_TASK PROMPT_. In the listing beneath this line, copy exactly the lines starting with the one containing "#93=DIRECTION('',(1.,0.,0.));" and going on through the one containing "#139=AXIS2_PLACEMENT_3D('',#136,#137,#138);".

_MATERIAL FOR THE TASK_.
________________________________________

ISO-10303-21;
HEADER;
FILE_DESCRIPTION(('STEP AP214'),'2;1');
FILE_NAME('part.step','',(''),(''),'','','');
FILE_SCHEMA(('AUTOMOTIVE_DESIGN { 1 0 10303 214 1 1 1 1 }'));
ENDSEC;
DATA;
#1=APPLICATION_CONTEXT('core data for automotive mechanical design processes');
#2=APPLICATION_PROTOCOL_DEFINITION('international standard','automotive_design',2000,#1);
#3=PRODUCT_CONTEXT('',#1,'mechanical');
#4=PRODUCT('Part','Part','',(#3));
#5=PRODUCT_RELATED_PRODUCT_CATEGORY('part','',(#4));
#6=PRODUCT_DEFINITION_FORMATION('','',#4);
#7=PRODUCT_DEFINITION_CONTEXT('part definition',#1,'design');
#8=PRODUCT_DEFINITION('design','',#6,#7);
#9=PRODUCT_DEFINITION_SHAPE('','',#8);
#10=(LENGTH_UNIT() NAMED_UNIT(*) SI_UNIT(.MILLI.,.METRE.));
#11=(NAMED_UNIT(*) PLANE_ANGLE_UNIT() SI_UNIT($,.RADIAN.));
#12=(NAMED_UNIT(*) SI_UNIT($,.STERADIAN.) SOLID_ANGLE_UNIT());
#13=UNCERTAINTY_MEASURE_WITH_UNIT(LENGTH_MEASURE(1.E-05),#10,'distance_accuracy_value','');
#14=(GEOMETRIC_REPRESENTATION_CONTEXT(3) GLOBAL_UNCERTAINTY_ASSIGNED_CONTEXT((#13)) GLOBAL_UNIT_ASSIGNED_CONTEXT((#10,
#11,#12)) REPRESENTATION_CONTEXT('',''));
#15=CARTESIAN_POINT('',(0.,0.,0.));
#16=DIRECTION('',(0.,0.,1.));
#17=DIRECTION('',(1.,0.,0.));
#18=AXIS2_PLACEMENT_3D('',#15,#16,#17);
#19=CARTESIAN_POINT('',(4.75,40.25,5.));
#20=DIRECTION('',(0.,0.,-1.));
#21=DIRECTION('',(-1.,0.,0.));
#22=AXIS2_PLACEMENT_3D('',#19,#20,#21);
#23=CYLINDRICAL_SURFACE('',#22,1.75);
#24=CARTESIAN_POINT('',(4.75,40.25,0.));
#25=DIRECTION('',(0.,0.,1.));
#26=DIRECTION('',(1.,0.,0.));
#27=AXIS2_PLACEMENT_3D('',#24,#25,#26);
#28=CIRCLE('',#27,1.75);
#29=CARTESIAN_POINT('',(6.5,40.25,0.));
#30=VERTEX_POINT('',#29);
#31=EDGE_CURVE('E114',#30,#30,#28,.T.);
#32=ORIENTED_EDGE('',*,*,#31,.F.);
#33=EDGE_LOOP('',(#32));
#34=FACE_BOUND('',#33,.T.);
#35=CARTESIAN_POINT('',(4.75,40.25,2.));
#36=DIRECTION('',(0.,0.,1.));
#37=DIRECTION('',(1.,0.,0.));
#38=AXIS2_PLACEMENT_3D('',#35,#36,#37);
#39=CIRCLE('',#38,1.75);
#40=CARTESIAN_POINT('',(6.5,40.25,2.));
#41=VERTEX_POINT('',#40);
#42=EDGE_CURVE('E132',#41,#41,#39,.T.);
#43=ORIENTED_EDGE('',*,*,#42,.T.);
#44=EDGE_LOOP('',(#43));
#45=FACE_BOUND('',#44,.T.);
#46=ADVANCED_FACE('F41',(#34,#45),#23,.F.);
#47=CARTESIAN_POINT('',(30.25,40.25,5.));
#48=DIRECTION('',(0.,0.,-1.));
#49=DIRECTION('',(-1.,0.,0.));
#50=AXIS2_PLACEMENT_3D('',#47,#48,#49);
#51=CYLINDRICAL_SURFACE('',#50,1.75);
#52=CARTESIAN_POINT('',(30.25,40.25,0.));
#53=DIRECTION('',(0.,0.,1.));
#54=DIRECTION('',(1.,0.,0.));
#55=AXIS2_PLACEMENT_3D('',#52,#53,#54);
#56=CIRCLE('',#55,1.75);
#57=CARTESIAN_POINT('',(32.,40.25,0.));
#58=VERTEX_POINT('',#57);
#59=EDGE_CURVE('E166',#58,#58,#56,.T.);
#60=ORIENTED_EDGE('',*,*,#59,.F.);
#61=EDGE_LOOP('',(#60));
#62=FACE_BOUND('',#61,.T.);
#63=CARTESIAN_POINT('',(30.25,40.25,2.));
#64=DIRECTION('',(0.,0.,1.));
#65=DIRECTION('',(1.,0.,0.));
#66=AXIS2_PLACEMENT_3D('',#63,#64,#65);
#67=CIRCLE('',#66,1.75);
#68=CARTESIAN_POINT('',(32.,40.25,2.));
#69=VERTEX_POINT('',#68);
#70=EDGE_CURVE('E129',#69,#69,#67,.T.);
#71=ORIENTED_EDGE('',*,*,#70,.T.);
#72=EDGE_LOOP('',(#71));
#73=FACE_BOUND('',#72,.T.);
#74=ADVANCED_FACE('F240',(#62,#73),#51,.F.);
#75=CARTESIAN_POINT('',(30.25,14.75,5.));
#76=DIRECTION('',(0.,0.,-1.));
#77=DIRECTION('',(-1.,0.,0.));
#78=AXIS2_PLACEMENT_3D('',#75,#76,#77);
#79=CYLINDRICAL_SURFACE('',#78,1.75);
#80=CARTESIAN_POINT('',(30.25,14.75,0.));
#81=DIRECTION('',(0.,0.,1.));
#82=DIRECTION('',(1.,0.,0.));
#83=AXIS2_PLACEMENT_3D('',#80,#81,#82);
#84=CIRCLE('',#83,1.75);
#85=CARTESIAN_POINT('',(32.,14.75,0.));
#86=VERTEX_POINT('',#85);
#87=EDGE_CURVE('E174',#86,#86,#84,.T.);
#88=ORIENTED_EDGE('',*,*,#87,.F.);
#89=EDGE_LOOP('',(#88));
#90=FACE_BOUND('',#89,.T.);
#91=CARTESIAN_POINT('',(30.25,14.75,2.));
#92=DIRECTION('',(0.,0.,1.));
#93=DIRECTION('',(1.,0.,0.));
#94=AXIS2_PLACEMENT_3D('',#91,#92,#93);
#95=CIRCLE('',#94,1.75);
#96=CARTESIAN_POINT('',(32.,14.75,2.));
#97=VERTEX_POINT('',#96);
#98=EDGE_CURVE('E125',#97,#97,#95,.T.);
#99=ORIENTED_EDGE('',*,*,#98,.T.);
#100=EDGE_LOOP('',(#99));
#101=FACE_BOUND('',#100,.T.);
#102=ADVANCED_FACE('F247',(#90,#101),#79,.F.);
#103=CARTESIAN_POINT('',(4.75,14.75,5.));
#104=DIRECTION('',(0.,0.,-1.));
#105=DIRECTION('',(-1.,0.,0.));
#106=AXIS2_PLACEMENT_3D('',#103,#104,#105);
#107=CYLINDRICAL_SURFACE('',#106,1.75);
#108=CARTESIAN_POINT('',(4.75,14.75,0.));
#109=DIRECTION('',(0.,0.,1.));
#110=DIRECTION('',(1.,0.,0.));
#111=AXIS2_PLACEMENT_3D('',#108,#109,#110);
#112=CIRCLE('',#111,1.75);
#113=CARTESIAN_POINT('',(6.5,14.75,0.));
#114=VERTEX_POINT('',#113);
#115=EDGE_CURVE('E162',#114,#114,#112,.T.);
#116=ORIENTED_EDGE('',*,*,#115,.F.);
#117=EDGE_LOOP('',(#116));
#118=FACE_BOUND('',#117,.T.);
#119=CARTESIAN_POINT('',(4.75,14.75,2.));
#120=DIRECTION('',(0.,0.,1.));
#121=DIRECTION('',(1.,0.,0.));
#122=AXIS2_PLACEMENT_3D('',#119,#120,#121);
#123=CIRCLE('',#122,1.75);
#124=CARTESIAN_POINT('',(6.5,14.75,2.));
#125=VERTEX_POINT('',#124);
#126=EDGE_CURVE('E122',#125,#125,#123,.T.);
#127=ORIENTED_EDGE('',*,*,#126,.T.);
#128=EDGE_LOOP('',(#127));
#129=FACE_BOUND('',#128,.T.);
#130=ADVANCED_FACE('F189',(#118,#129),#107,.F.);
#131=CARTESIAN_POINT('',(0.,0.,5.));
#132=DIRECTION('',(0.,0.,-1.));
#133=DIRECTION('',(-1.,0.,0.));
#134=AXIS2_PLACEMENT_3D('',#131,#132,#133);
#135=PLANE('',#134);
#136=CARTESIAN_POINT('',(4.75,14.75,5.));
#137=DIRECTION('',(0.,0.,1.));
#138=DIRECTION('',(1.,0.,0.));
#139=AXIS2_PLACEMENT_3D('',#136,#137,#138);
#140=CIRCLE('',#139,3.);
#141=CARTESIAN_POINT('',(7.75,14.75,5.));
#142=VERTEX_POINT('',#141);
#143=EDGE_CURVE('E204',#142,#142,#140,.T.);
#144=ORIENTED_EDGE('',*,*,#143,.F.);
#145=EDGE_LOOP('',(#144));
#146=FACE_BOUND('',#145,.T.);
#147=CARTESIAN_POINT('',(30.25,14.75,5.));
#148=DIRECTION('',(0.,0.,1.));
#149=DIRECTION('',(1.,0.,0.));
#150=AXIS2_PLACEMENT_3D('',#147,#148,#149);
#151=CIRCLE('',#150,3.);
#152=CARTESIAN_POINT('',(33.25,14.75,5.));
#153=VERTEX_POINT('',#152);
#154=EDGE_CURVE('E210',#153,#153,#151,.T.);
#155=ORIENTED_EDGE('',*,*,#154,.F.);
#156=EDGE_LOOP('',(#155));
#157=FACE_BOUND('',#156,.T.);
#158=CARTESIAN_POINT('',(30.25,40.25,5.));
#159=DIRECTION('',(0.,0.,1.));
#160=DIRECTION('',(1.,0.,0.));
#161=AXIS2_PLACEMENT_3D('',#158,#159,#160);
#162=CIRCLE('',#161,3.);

________________________________________

_RESULT OF THIS EXERCISE_.
#93=DIRECTION('',(1.,0.,0.));
#94=AXIS2_PLACEMENT_3D('',#91,#92,#93);
#95=CIRCLE('',#94,1.75);
#96=CARTESIAN_POINT('',(32.,14.75,2.));
#97=VERTEX_POINT('',#96);
#98=EDGE_CURVE('E125',#97,#97,#95,.T.);
#99=ORIENTED_EDGE('',*,*,#98,.T.);
#100=EDGE_LOOP('',(#99));
#101=FACE_BOUND('',#100,.T.);
#102=ADVANCED_FACE('F247',(#90,#101),#79,.F.);
#103=CARTESIAN_POINT('',(4.75,14.75,5.));
#104=DIRECTION('',(0.,0.,-1.));
#105=DIRECTION('',(-1.,0.,0.));
#106=AXIS2_PLACEMENT_3D('',#103,#104,#105);
#107=CYLINDRICAL_SURFACE('',#106,1.75);
#108=CARTESIAN_POINT('',(4.75,14.75,0.));
#109=DIRECTION('',(0.,0.,1.));
#110=DIRECTION('',(1.,0.,0.));
#111=AXIS2_PLACEMENT_3D('',#108,#109,#110);
#112=CIRCLE('',#111,1.75);
#113=CARTESIAN_POINT('',(6.5,14.75,0.));
#114=VERTEX_POINT('',#113);
#115=EDGE_CURVE('E162',#114,#114,#112,.T.);
#116=ORIENTED_EDGE('',*,*,#115,.F.);
#117=EDGE_LOOP('',(#116));
#118=FACE_BOUND('',#117,.T.);
#119=CARTESIAN_POINT('',(4.75,14.75,2.));
#120=DIRECTION('',(0.,0.,1.));
#121=DIRECTION('',(1.,0.,0.));
#122=AXIS2_PLACEMENT_3D('',#119,#120,#121);
#123=CIRCLE('',#122,1.75);
#124=CARTESIAN_POINT('',(6.5,14.75,2.));
#125=VERTEX_POINT('',#124);
#126=EDGE_CURVE('E122',#125,#125,#123,.T.);
#127=ORIENTED_EDGE('',*,*,#126,.T.);
#128=EDGE_LOOP('',(#127));
#129=FACE_BOUND('',#128,.T.);
#130=ADVANCED_FACE('F189',(#118,#129),#107,.F.);
#131=CARTESIAN_POINT('',(0.,0.,5.));
#132=DIRECTION('',(0.,0.,-1.));
#133=DIRECTION('',(-1.,0.,0.));
#134=AXIS2_PLACEMENT_3D('',#131,#132,#133);
#135=PLANE('',#134);
#136=CARTESIAN_POINT('',(4.75,14.75,5.));
#137=DIRECTION('',(0.,0.,1.));
#138=DIRECTION('',(1.,0.,0.));
#139=AXIS2_PLACEMENT_3D('',#136,#137,#138);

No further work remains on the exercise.